Böhmermann habe Erdogan zu keinem Zeitpunkt ernsthaft diffamieren wollen, stellte sein Anwalt Christian Schertz fest. Er habe dem türkischen Präsidenten damit lediglich zeigen wollen, was Meinungsfreiheit ist. "Das war in Kunstform gegossene Satire", sagte er. Es sei geradezu absurd, das ernst zu nehmen, denn die im Gedicht aufgelisteten Vorwürfe schlössen sich teils gegenseitig aus. Die anschließende große Diskussion habe Erdogan durch seine Reaktion selbst ausgelöst.

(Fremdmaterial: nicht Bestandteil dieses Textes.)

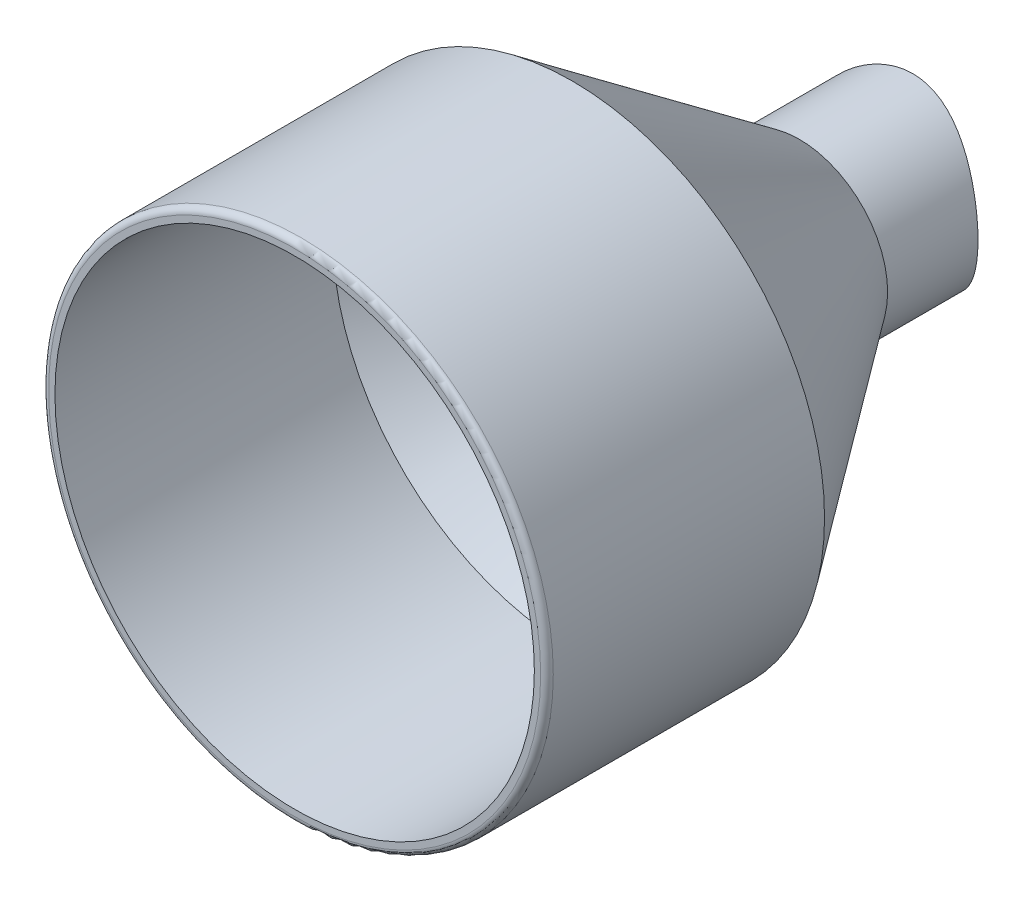
SolidWorks part; units mm, degrees
ref_plane "Front Plane" through (0, 0, 0) normal (0, 0, 1) x (1, 0, 0)
ref_plane "Top Plane" through (0, 0, 0) normal (0, 1, 0) x (1, 0, 0)
ref_plane "Right Plane" through (0, 0, 0) normal (1, 0, 0) x (0, 0, -1)
sketch "Sketch1" plane through (0, 0, 0) normal (0, 0, 1) x (1, 0, 0)
  circle A0 centre (0, 0) radius 20
  circle A1 centre (0, 0) radius 19
  dimension "D1" = 40
  dimension "D2" = 1
extrude "Boss-Extrude1" add sketch "Sketch1" along normal blind 22
sketch "Sketch2" plane through (0, 0, 0) normal (0, 0, -1) x (-1, 0, 0)
  circle A0 centre (0, 0) radius 20 construction
  point P0 (0, 0)
  point P1 (0, 20)
sketch "Sketch4" plane through (0, 0, 22) normal (0, 0, 1) x (1, 0, 0)
  point P0 (0, 20)
ref_plane "Plane1" through (0, 0, 0) normal (1, 0, 0) x (0, 0, -1)
sketch "Sketch5" plane through (0, 0, 0) normal (1, 0, 0) x (0, 0, -1)
  line L0 (0, 0) -> (30, 0) construction
  line L3 (18, 7) -> (0, 20)
  line L4 (0, -20) -> (0, 20) construction
  line L5 (0, 20) -> (0, 19)
  line L6 (0, 19) -> (18, 6)
  line L7 (18, 6) -> (18, 7)
  line L10 (18, 7) -> (27, 7)
  line L11 (18, 7) -> (18, 6)
  line L12 (18, 6) -> (27, 6)
  line L13 (27, 7) -> (27, 6)
  point P2 (0, 0)
  dimension "D1" = 18
  dimension "D2" = 9
  dimension "D3" = 6
  dimension "D4" = 1
fillet "Fillet1" radius 0.5 1 edges at (20, 0, 22)
revolve "Revolve1" add sketch "Sketch5" angle 360 about L0 region at (0, 13, -9) region at (0, 6.5, -22.5)
sketch "Sketch6" plane through (0, 0, 0) normal (1, 0, 0) x (0, 0, -1)
  line L2 (27, 7) -> (27, -7) construction
  circle A0 centre (39.4122, 0) radius 14.25
  point P5 (27, 0)
  dimension "D1" = 28.5
extrude "Cut-Extrude1" cut sketch "Sketch6" against normal blind 10 and the other way blind 10
sketch "Sketch7" plane through (0, 0, 22) normal (0, 0, 1) x (1, 0, 0)
  line L1 (-5, -1) -> (-7, -1)
  line L2 (-5, -1) -> (-5, 1)
  line L3 (-5, 1) -> (-7, 1)
  line L4 (-7, -1) -> (-7, 1)
  line L5 (-5, -1) -> (-7, 1) construction
  line L6 (-5, 1) -> (-7, -1) construction
  line L7 (5, -1) -> (7, -1)
  line L8 (5, -1) -> (5, 1)
  line L9 (5, 1) -> (7, 1)
  line L10 (7, -1) -> (7, 1)
  line L11 (5, -1) -> (7, 1) construction
  line L12 (5, 1) -> (7, -1) construction
  circle A0 centre (0, 0) radius 7 construction
  circle A1 centre (0, 0) radius 7
  point P0 (-6, 0)
  point P5 (6, 0)
  dimension "D1" = 2
  dimension "D2" = 2
  dimension "D3" = 2
  dimension "D4" = 2
extrude "Boss-Extrude2" add sketch "Sketch7" against normal blind 4 from offset 40 contours L3 A1 L1 L2 | A1 L9 L8 L7 region at (-5.9882, 0, 22) region at (5.9882, 0, 22) offset against normal yes
chamfer "Chamfer1" distance 1 angle 45 2 edges at (-5, 0, -22) (5, 0, -22)

Entscheidung noch einmal überdenken

Man dürfe das Gedicht nicht losgelöst vom Kontext betrachten und schon gar nicht einzelne Passagen daraus, sagte Schertz. Auch Richterin Käfer betonte bereits in der Erläuterung der Sachlage, man müsse das Schmähgedicht im Gesamtkontext sehen. Böhmermann hatte in der besagten Sendung erklärt, dass er den Unterschied zwischen erlaubter Satire und auch in Deutschland verbotener Schmähkritik erklären wolle. Anwalt Schertz sagte, er selbst werde das Gedicht in seine Vorlesung zum Thema "Schmähkritik" einbringen. Schertz lehrt an der Technischen Universität Dresden und an der Berliner Humboldt-Universität.

Richterin Käfer hatte Mitte Mai bereits im Eilverfahren untersagt, bestimmte Passagen des Gedichts zu wiederholen. Weil der ZDF-Satiriker die Entscheidung nicht hinnehmen wollte, setzte er Erdogan daraufhin eine Frist zur Klageeinreichung in der Hauptsache. Nun geht es um ein Komplettverbot des Gedichts auf zivilrechtlicher Ebene. "Überdenken Sie Ihre Entscheidung noch einmal", forderte Schertz die Vorsitzende Richterin auf. Die Strafermittlungen gegen Böhmermann wegen Beleidigung eines ausländischen Staatsoberhaupts wurden Anfang Oktober eingestellt. Die Mainzer Staatsanwaltschaft hatte dem Satiriker "strafbare Handlungen nicht mit der erforderlichen Sicherheit nachweisen" können.

Ein paar Plätze blieben leer

Schertz zweifelte zu Beginn mittels einer Rüge der Vollmacht an, dass sein Kollege Michael-Hubertus von Sprenger der rechtmäßige Anwalt Erdogans sei. Daraufhin sicherte Käfer ihm Akteneinsicht zu, damit er sich von der Echtheit der Urkunde überzeugen könne. Zwei weitere Anwälte hatten sich zum Verfahren geäußert, was den Schluss zulasse, dass sie ebenfalls ein Mandat hätten, sagte Schertz. "Der einzige und zuständige Anwalt von Erdogan in dieser Sache sitzt hier", entgegnete Sprenger.

Sprenger bezeichnete das Schmähgedicht als "schwerste Verletzung der Menschenwürde unter dem Deckmäntelchen der Kunst". Eine kritische Auseinandersetzung mit anspruchsvollen Themen traue er den Zuschauern der Sendung "Neo Magazin Royale" schon wegen der späten Sendezeit nicht zu. Sie laufe spät nachts, wenn das Publikum bereits relativ müde sei. "Das Publikum, das sich nachts etwas anguckt, seziert nicht", so Sprenger. Es könne nicht mehr differenzieren, "ob das Wirklichkeit oder Ga-Ga ist." Schertz entgegnete, dass die Zielgruppe der Sendung nicht "die Masse" sei und sich häufiger "mit den hier diskutierten Themen befasst".

Die Verhandlung war aus organisatorischen Gründen ins Strafjustizgebäude verlegt worden, obwohl es sich um einen Zivilrechtsstreit handelte. Der Andrang der Pressevertreter war nicht ganz so groß wie angenommen: Nachdem in einem komplizierten Akkreditierungsverfahren 45 Plätze für die schreibende Presse auf deutsche, türkische und andere ausländische Medien verteilt worden waren, blieben jetzt sogar ein gutes Dutzend Sitze leer.